[Data excerpts]
*****
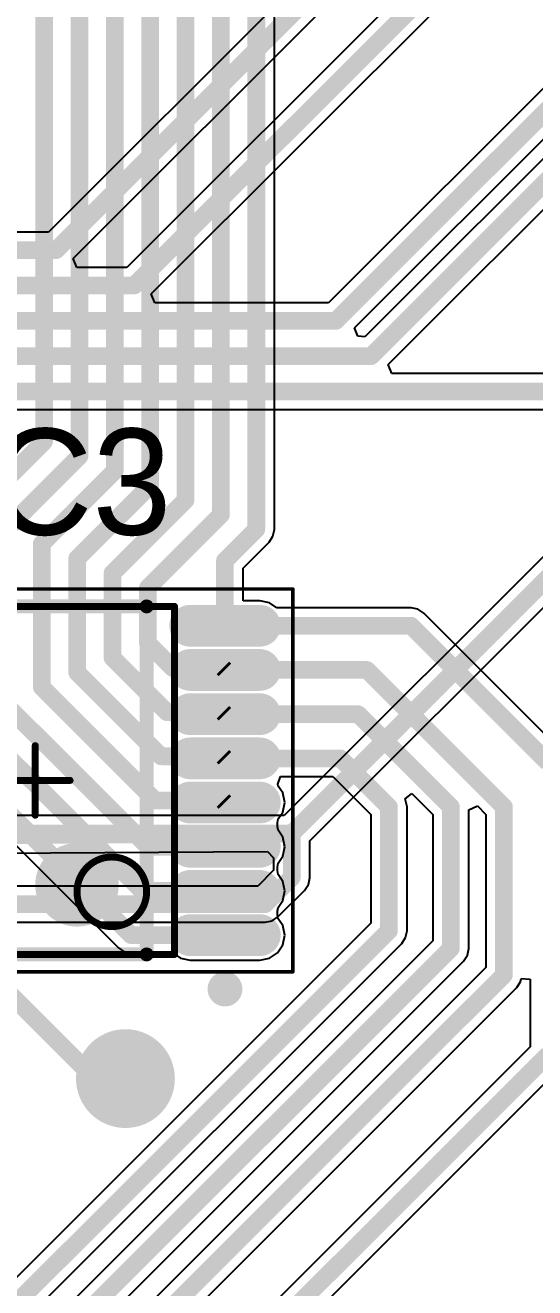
# Model space of a CAD drawing. Header units: millimetres. Extents: x 2.5 to 14.5, y 1.2 to 4.8.
# Drawn here: x 11.889 to 12.177, y 2.503 to 3.217 of the extents above; entities that cross this region are included whole.
import ezdxf

# ---------------------------------------------------------------- set-up
doc = ezdxf.new("R2010")
doc.units = ezdxf.units.MM
doc.header["$MEASUREMENT"] = 0
for name, color, linetype in [('BottomLayer', 5, 'Continuous'), ('BottomSolder', 6, 'Continuous'), ('ConnectLayer', 7, 'Continuous'), ('Mechanical13', 56, 'Continuous'), ('Mechanical15', 56, 'Continuous'), ('MultiLayer', 9, 'Continuous'), ('TopLayer', 1, 'Continuous'), ('TopOverlay', 2, 'Continuous'), ('TopPaste', 8, 'Continuous'), ('TopSolder', 216, 'Continuous'), ('ViaHoleLayer', 16, 'Continuous')]:
    doc.layers.add(name, color=color, linetype=linetype)

# ---------------------------------------------------------------- blocks, each defined once
blk = doc.blocks.new('SOP64P600X175_16N_2')
at = {"layer": 'Mechanical13', "const_width": 0.00394}
for points in [[(0.07874, 0.09843), (-0.07874, 0.09843)], [(-0.07874, 0.09843), (-0.07874, -0.09843)], [(0.07874, 0.09843), (0.07874, -0.09843)], [(0.07874, -0.09843), (-0.07874, -0.09843)]]:
    blk.add_lwpolyline(points, dxfattribs=at)
at = {"layer": 'Mechanical13'}
for points, const_width in [([(-0.07972, 0.09843, 1), (-0.07776, 0.09843, 1)], 0.00197), ([(-0.07972, 0.09843, 1), (-0.07776, 0.09843, 1)], 0.00197), ([(0.07776, 0.09843, 1), (0.07972, 0.09843, 1)], 0.00197), ([(0.07776, 0.09843, 1), (0.07972, 0.09843, 1)], 0.00197), ([(-0.02362, 0.06299, 1), (-0.06299, 0.06299, 1)], 0.00394), ([(-0.06398, 0.06299, 1), (-0.06201, 0.06299, 1)], 0.00197), ([(-0.02461, 0.06299, 1), (-0.02264, 0.06299, 1)], 0.00197), ([(-0.07972, -0.09843, 1), (-0.07776, -0.09843, 1)], 0.00197), ([(-0.07972, -0.09843, 1), (-0.07776, -0.09843, 1)], 0.00197), ([(0.07776, -0.09843, 1), (0.07972, -0.09843, 1)], 0.00197), ([(0.07776, -0.09843, 1), (0.07972, -0.09843, 1)], 0.00197)]:
    blk.add_lwpolyline(points, format="xyb", close=True, dxfattribs=dict(at, const_width=const_width))
at = {"layer": 'Mechanical15'}
for points, const_width in [([(0.14567, 0.10827), (-0.14567, 0.10827)], 0.00197), ([(-0.14567, 0.10827), (-0.14567, -0.10827)], 0.00197), ([(0.14567, 0.10827), (0.14567, -0.10827)], 0.00197), ([(0, 0.01968), (0, -0.01969)], 0.00394), ([(0.01968, 0), (-0.01969, 0)], 0.00394), ([(0.14567, -0.10827), (-0.14567, -0.10827)], 0.00197)]:
    blk.add_lwpolyline(points, dxfattribs=dict(at, const_width=const_width))
for points, const_width in [([(-0.14616, 0.10827, 1), (-0.14518, 0.10827, 1)], 0.000984), ([(-0.14616, 0.10827, 1), (-0.14518, 0.10827, 1)], 0.000984), ([(0.14518, 0.10827, 1), (0.14616, 0.10827, 1)], 0.000984), ([(0.14518, 0.10827, 1), (0.14616, 0.10827, 1)], 0.000984), ([(-0.00098, 0.01968, 1), (0.00098, 0.01968, 1)], 0.00197), ([(-0.02067, 0, 1), (-0.0187, 0, 1)], 0.00197), ([(0.0187, 0, 1), (0.02067, 0, 1)], 0.00197), ([(-0.00098, -0.01969, 1), (0.00098, -0.01969, 1)], 0.00197), ([(-0.14616, -0.10827, 1), (-0.14518, -0.10827, 1)], 0.000984), ([(-0.14616, -0.10827, 1), (-0.14518, -0.10827, 1)], 0.000984), ([(0.14518, -0.10827, 1), (0.14616, -0.10827, 1)], 0.000984), ([(0.14518, -0.10827, 1), (0.14616, -0.10827, 1)], 0.000984)]:
    blk.add_lwpolyline(points, format="xyb", close=True, dxfattribs=dict(at, const_width=const_width))
at = {"layer": 'TopLayer', "const_width": 0.01772}
for points in [[(-0.12697, 0.0875), (-0.0876, 0.0875)], [(0.0876, 0.0875), (0.12697, 0.0875)], [(-0.12697, 0.0625), (-0.0876, 0.0625)], [(0.0876, 0.0625), (0.12697, 0.0625)], [(-0.12697, 0.0375), (-0.0876, 0.0375)], [(0.0876, 0.0375), (0.12697, 0.0375)], [(-0.12697, 0.0125), (-0.0876, 0.0125)], [(0.0876, 0.0125), (0.12697, 0.0125)], [(-0.12697, -0.0125), (-0.0876, -0.0125)], [(0.0876, -0.0125), (0.12697, -0.0125)], [(-0.12697, -0.0375), (-0.0876, -0.0375)], [(0.0876, -0.0375), (0.12697, -0.0375)], [(-0.12697, -0.0625), (-0.0876, -0.0625)], [(0.0876, -0.0625), (0.12697, -0.0625)], [(-0.12697, -0.0875), (-0.0876, -0.0875)], [(0.0876, -0.0875), (0.12697, -0.0875)]]:
    blk.add_lwpolyline(points, dxfattribs=at)
at = {"layer": 'TopLayer', "const_width": 0.00886}
for points in [[(-0.1314, 0.0875, 1), (-0.12254, 0.0875, 1)], [(-0.09203, 0.0875, 1), (-0.08317, 0.0875, 1)], [(0.08317, 0.0875, 1), (0.09203, 0.0875, 1)], [(0.12254, 0.0875, 1), (0.1314, 0.0875, 1)], [(-0.1314, 0.0625, 1), (-0.12254, 0.0625, 1)], [(-0.09203, 0.0625, 1), (-0.08317, 0.0625, 1)], [(0.08317, 0.0625, 1), (0.09203, 0.0625, 1)], [(0.12254, 0.0625, 1), (0.1314, 0.0625, 1)], [(-0.1314, 0.0375, 1), (-0.12254, 0.0375, 1)], [(-0.09203, 0.0375, 1), (-0.08317, 0.0375, 1)], [(0.08317, 0.0375, 1), (0.09203, 0.0375, 1)], [(0.12254, 0.0375, 1), (0.1314, 0.0375, 1)], [(-0.1314, 0.0125, 1), (-0.12254, 0.0125, 1)], [(-0.09203, 0.0125, 1), (-0.08317, 0.0125, 1)], [(0.08317, 0.0125, 1), (0.09203, 0.0125, 1)], [(0.12254, 0.0125, 1), (0.1314, 0.0125, 1)], [(-0.1314, -0.0125, 1), (-0.12254, -0.0125, 1)], [(-0.09203, -0.0125, 1), (-0.08317, -0.0125, 1)], [(0.08317, -0.0125, 1), (0.09203, -0.0125, 1)], [(0.12254, -0.0125, 1), (0.1314, -0.0125, 1)], [(-0.1314, -0.0375, 1), (-0.12254, -0.0375, 1)], [(-0.09203, -0.0375, 1), (-0.08317, -0.0375, 1)], [(0.08317, -0.0375, 1), (0.09203, -0.0375, 1)], [(0.12254, -0.0375, 1), (0.1314, -0.0375, 1)], [(-0.1314, -0.0625, 1), (-0.12254, -0.0625, 1)], [(-0.09203, -0.0625, 1), (-0.08317, -0.0625, 1)], [(0.08317, -0.0625, 1), (0.09203, -0.0625, 1)], [(0.12254, -0.0625, 1), (0.1314, -0.0625, 1)], [(-0.1314, -0.0875, 1), (-0.12254, -0.0875, 1)], [(-0.09203, -0.0875, 1), (-0.08317, -0.0875, 1)], [(0.08317, -0.0875, 1), (0.09203, -0.0875, 1)], [(0.12254, -0.0875, 1), (0.1314, -0.0875, 1)]]:
    blk.add_lwpolyline(points, format="xyb", close=True, dxfattribs=at)
at = {"layer": 'TopOverlay'}
for points, const_width in [([(-0.10236, 0.11801, 1), (-0.1122, 0.11801, 1)], 0.00984), ([(-0.11467, 0.11801, 1), (-0.10974, 0.11801, 1)], 0.00492), ([(-0.10482, 0.11801, 1), (-0.0999, 0.11801, 1)], 0.00492), ([(-0.06496, 0.09843, 1), (-0.06102, 0.09843, 1)], 0.00394), ([(-0.06496, 0.09843, 1), (-0.06102, 0.09843, 1)], 0.00394), ([(0.06102, 0.09843, 1), (0.06496, 0.09843, 1)], 0.00394), ([(0.06102, 0.09843, 1), (0.06496, 0.09843, 1)], 0.00394), ([(-0.01181, 0.05906, 1), (-0.03543, 0.05906, 1)], 0.02362), ([(-0.04134, 0.05906, 1), (-0.02953, 0.05906, 1)], 0.01181), ([(-0.01772, 0.05906, 1), (-0.00591, 0.05906, 1)], 0.01181), ([(-0.06496, -0.09843, 1), (-0.06102, -0.09843, 1)], 0.00394), ([(-0.06496, -0.09843, 1), (-0.06102, -0.09843, 1)], 0.00394), ([(0.06102, -0.09843, 1), (0.06496, -0.09843, 1)], 0.00394), ([(0.06102, -0.09843, 1), (0.06496, -0.09843, 1)], 0.00394)]:
    blk.add_lwpolyline(points, format="xyb", close=True, dxfattribs=dict(at, const_width=const_width))
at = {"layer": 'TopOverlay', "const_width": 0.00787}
*****
* [Exercise description]:
If a line of the entries holds the word "units", copy it out.

* [Finished task]:
# Model space of a CAD drawing. Header units: millimetres. Extents: x 2.5 to 14.5, y 1.2 to 4.8.
doc.units = ezdxf.units.MM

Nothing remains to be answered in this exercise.